This exercise calls for the whole listing to be given again exactly, without images.

§ §

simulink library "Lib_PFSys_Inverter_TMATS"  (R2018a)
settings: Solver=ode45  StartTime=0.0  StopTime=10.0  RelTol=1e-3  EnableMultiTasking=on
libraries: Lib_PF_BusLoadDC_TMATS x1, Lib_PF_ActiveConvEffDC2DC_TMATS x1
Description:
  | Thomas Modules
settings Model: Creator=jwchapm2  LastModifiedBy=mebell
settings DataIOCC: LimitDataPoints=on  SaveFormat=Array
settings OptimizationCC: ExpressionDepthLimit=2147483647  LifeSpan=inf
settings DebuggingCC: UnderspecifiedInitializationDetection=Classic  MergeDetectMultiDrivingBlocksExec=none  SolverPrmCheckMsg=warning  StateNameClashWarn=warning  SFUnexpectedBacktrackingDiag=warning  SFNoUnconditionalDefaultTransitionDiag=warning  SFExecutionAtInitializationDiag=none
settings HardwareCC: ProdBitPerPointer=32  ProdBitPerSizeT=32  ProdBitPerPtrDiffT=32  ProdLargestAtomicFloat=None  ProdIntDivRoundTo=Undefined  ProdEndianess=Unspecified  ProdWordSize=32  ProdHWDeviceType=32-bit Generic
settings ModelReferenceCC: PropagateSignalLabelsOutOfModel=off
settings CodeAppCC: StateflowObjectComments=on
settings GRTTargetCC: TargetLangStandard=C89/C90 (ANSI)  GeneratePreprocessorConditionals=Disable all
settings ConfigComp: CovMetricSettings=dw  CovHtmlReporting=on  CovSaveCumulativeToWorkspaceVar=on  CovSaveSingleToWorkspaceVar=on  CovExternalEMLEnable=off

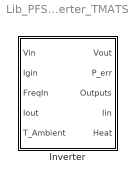
== system Lib_PFSys_Inverter_TMATS ==
  "Inverter " : Subsystem  mask(Inverter){Hz_to_V_M=22, X_C_VoltageVec_M=[0.0 0.1 1.0], Y_C_CurrentVec_M=[0.0 0.1 1.0], T_C_EffArray_M=[0.5 0.5 0.5; 0.5 1.0 1.0; 0.5 1.0 1.0], Pdis_M=1}
      mask prompts: Hz_to_V_M "Hz_to_V_M - Voltage/Flux Constant"; X_C_VoltageVec_M "X_C_VoltageVec_M - Efficiency Table Voltage Vector (X-axis)(nx1), V"; Y_C_CurrentVec_M "Y_C_CurrentVec_M - Efficiency Table Current Vector (Y-axis)(mx1), A"; T_C_EffArray_M "T_C_EffArray_M - Efficiency Table Values (Eff = f(i, V)(nxm)"; Pdis_M "Pdis_M - Constant Power Leaked/Dissipated, W"
      mask help:
      | This block represents a DC-to-AC inverter (for motor control). The block
      | produces an output voltage that scales with input frequency accoring to
      | the flux constant, Hz_to_V_M. The load is assumed to have no inductance,
      | and so we are assumed to operate with unity power factor. Converter
      | efficiency is specified via a lookup table that is a function of output
      | voltage and output current.

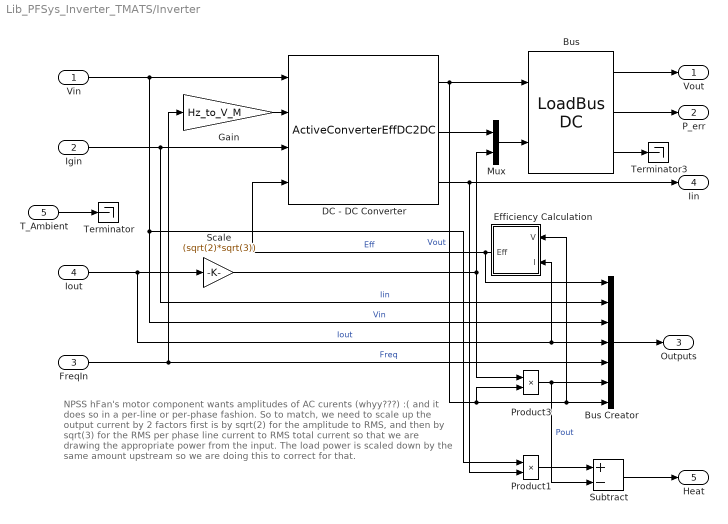
== system Lib_PFSys_Inverter_TMATS/Inverter  ==
  note: NPSS hFan's motor component wants amplitudes of AC curents (whyy???) :(
      | and it does so in a per-line or per-phase fashion.
      | So to match, we need to scale up the output current by 2 factors
      | first is by sqrt(2) for the amplitude to RMS,
      | and then by sqrt(3) for the RMS per phase line current to RMS total current
      | so that we are drawing the appropriate power from the input.
      | The load power is scaled down by the same amount upstream
      | so we are doing this to correct for that.
  Vin : Inport
  Igin : Inport  Port=2
  FreqIn : Inport  Port=3
  Iout : Inport  Port=4
  "T_Ambient " : Inport  Port=5
  Bus : Lib_PF_BusLoadDC_TMATS/LoadBus DC  PeInEN_M=off  P_M=-Pdis_M  BlkNm_M=double(gcb)
  Bus Creator : BusCreator  Inputs=7
  DC - DC Converter : Lib_PF_ActiveConvEffDC2DC_TMATS/ActiveConverterEffDC2DC  EffInEN_M=on  Eff_M=98  BlkNm_M=double(gcb)
  Efficiency Calculation : Subsystem
  Gain : Gain  Gain=Hz_to_V_M
  Mux : Mux  Inputs=2
  Product1 : Product
  Product3 : Product
  Scale : Gain  Gain=(sqrt(2)*sqrt(3))
  Subtract : Sum  Inputs=+-
  Terminator : Terminator
  Terminator3 : Terminator
  Vout : Outport
  P_err : Outport  Port=2
  Outputs : Outport  Port=3
  Iin : Outport  Port=4
  "Heat " : Outport  Port=5
  wires:
  DC - DC Converter/2 -> Mux/1
  Scale/1 -> Mux/2, Product3/1
  Product3/1 -> Bus Creator/6, Subtract/2  "Pout"
  Bus Creator/1 -> Outputs/1
  FreqIn/1 -> Bus Creator/5, Gain/1  "Freq"
  Efficiency Calculation/1(Eff) -> DC - DC Converter/4, Bus Creator/1  "Eff"
  Mux/1 -> Bus/2
  Igin/1 -> DC - DC Converter/3, Bus Creator/2  "Iin"
  Bus/3 -> Terminator3/1
  DC - DC Converter/1 -> Product3/2, Bus Creator/7, Efficiency Calculation/1(V), Bus/1  "Vout"
  Vin/1 -> Bus Creator/3, Product1/1, DC - DC Converter/1  "Vin"
  Gain/1 -> DC - DC Converter/2
  Iout/1 -> Bus Creator/4, Efficiency Calculation/2(I), Scale/1  "Iout"
  DC - DC Converter/3 -> Product1/2, Iin/1
  Bus/2 -> P_err/1
  Bus/1 -> Vout/1
  Product1/1 -> Subtract/1
  Subtract/1 -> "Heat "/1
  "T_Ambient "/1 -> Terminator/1

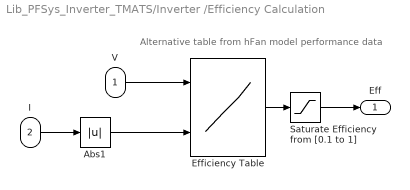
== system Lib_PFSys_Inverter_TMATS/Inverter /Efficiency Calculation ==
  note: Alternative table from hFan model performance data
  V : Inport
  I : Inport  Port=2
  Abs1 : Abs
  Efficiency Table : Lookup_n-D  BreakpointsForDimension1=X_C_VoltageVec_M  BreakpointsForDimension2=Y_C_CurrentVec_M  Table=T_C_EffArray_M  ExtrapMethod=Clip  InternalRulePriority=Speed  RndMeth=Simplest  InputSameDT=on
  Saturate Efficiency from [0.1 to 1] : Saturate  UpperLimit=1  LowerLimit=0.1
  Eff : Outport
  wires:
  Abs1/1 -> Efficiency Table/2
  Saturate Efficiency from [0.1 to 1]/1 -> Eff/1
  Efficiency Table/1 -> Saturate Efficiency from [0.1 to 1]/1
  I/1 -> Abs1/1
  V/1 -> Efficiency Table/1

§ §

▶ **Exercise output**:
simulink library "Lib_PFSys_Inverter_TMATS"  (R2018a)
settings: Solver=ode45  StartTime=0.0  StopTime=10.0  RelTol=1e-3  EnableMultiTasking=on
libraries: Lib_PF_BusLoadDC_TMATS x1, Lib_PF_ActiveConvEffDC2DC_TMATS x1
Description:
  | Thomas Modules
settings Model: Creator=jwchapm2  LastModifiedBy=mebell
settings DataIOCC: LimitDataPoints=on  SaveFormat=Array
settings OptimizationCC: ExpressionDepthLimit=2147483647  LifeSpan=inf
settings DebuggingCC: UnderspecifiedInitializationDetection=Classic  MergeDetectMultiDrivingBlocksExec=none  SolverPrmCheckMsg=warning  StateNameClashWarn=warning  SFUnexpectedBacktrackingDiag=warning  SFNoUnconditionalDefaultTransitionDiag=warning  SFExecutionAtInitializationDiag=none
settings HardwareCC: ProdBitPerPointer=32  ProdBitPerSizeT=32  ProdBitPerPtrDiffT=32  ProdLargestAtomicFloat=None  ProdIntDivRoundTo=Undefined  ProdEndianess=Unspecified  ProdWordSize=32  ProdHWDeviceType=32-bit Generic
settings ModelReferenceCC: PropagateSignalLabelsOutOfModel=off
settings CodeAppCC: StateflowObjectComments=on
settings GRTTargetCC: TargetLangStandard=C89/C90 (ANSI)  GeneratePreprocessorConditionals=Disable all
settings ConfigComp: CovMetricSettings=dw  CovHtmlReporting=on  CovSaveCumulativeToWorkspaceVar=on  CovSaveSingleToWorkspaceVar=on  CovExternalEMLEnable=off

== system Lib_PFSys_Inverter_TMATS ==
  "Inverter " : Subsystem  mask(Inverter){Hz_to_V_M=22, X_C_VoltageVec_M=[0.0 0.1 1.0], Y_C_CurrentVec_M=[0.0 0.1 1.0], T_C_EffArray_M=[0.5 0.5 0.5; 0.5 1.0 1.0; 0.5 1.0 1.0], Pdis_M=1}
      mask prompts: Hz_to_V_M "Hz_to_V_M - Voltage/Flux Constant"; X_C_VoltageVec_M "X_C_VoltageVec_M - Efficiency Table Voltage Vector (X-axis)(nx1), V"; Y_C_CurrentVec_M "Y_C_CurrentVec_M - Efficiency Table Current Vector (Y-axis)(mx1), A"; T_C_EffArray_M "T_C_EffArray_M - Efficiency Table Values (Eff = f(i, V)(nxm)"; Pdis_M "Pdis_M - Constant Power Leaked/Dissipated, W"
      mask help:
      | This block represents a DC-to-AC inverter (for motor control). The block
      | produces an output voltage that scales with input frequency accoring to
      | the flux constant, Hz_to_V_M. The load is assumed to have no inductance,
      | and so we are assumed to operate with unity power factor. Converter
      | efficiency is specified via a lookup table that is a function of output
      | voltage and output current.

== system Lib_PFSys_Inverter_TMATS/Inverter  ==
  note: NPSS hFan's motor component wants amplitudes of AC curents (whyy???) :(
      | and it does so in a per-line or per-phase fashion.
      | So to match, we need to scale up the output current by 2 factors
      | first is by sqrt(2) for the amplitude to RMS,
      | and then by sqrt(3) for the RMS per phase line current to RMS total current
      | so that we are drawing the appropriate power from the input.
      | The load power is scaled down by the same amount upstream
      | so we are doing this to correct for that.
  Vin : Inport
  Igin : Inport  Port=2
  FreqIn : Inport  Port=3
  Iout : Inport  Port=4
  "T_Ambient " : Inport  Port=5
  Bus : Lib_PF_BusLoadDC_TMATS/LoadBus DC  PeInEN_M=off  P_M=-Pdis_M  BlkNm_M=double(gcb)
  Bus Creator : BusCreator  Inputs=7
  DC - DC Converter : Lib_PF_ActiveConvEffDC2DC_TMATS/ActiveConverterEffDC2DC  EffInEN_M=on  Eff_M=98  BlkNm_M=double(gcb)
  Efficiency Calculation : Subsystem
  Gain : Gain  Gain=Hz_to_V_M
  Mux : Mux  Inputs=2
  Product1 : Product
  Product3 : Product
  Scale : Gain  Gain=(sqrt(2)*sqrt(3))
  Subtract : Sum  Inputs=+-
  Terminator : Terminator
  Terminator3 : Terminator
  Vout : Outport
  P_err : Outport  Port=2
  Outputs : Outport  Port=3
  Iin : Outport  Port=4
  "Heat " : Outport  Port=5
  wires:
  DC - DC Converter/2 -> Mux/1
  Scale/1 -> Mux/2, Product3/1
  Product3/1 -> Bus Creator/6, Subtract/2  "Pout"
  Bus Creator/1 -> Outputs/1
  FreqIn/1 -> Bus Creator/5, Gain/1  "Freq"
  Efficiency Calculation/1(Eff) -> DC - DC Converter/4, Bus Creator/1  "Eff"
  Mux/1 -> Bus/2
  Igin/1 -> DC - DC Converter/3, Bus Creator/2  "Iin"
  Bus/3 -> Terminator3/1
  DC - DC Converter/1 -> Product3/2, Bus Creator/7, Efficiency Calculation/1(V), Bus/1  "Vout"
  Vin/1 -> Bus Creator/3, Product1/1, DC - DC Converter/1  "Vin"
  Gain/1 -> DC - DC Converter/2
  Iout/1 -> Bus Creator/4, Efficiency Calculation/2(I), Scale/1  "Iout"
  DC - DC Converter/3 -> Product1/2, Iin/1
  Bus/2 -> P_err/1
  Bus/1 -> Vout/1
  Product1/1 -> Subtract/1
  Subtract/1 -> "Heat "/1
  "T_Ambient "/1 -> Terminator/1

== system Lib_PFSys_Inverter_TMATS/Inverter /Efficiency Calculation ==
  note: Alternative table from hFan model performance data
  V : Inport
  I : Inport  Port=2
  Abs1 : Abs
  Efficiency Table : Lookup_n-D  BreakpointsForDimension1=X_C_VoltageVec_M  BreakpointsForDimension2=Y_C_CurrentVec_M  Table=T_C_EffArray_M  ExtrapMethod=Clip  InternalRulePriority=Speed  RndMeth=Simplest  InputSameDT=on
  Saturate Efficiency from [0.1 to 1] : Saturate  UpperLimit=1  LowerLimit=0.1
  Eff : Outport
  wires:
  Abs1/1 -> Efficiency Table/2
  Saturate Efficiency from [0.1 to 1]/1 -> Eff/1
  Efficiency Table/1 -> Saturate Efficiency from [0.1 to 1]/1
  I/1 -> Abs1/1
  V/1 -> Efficiency Table/1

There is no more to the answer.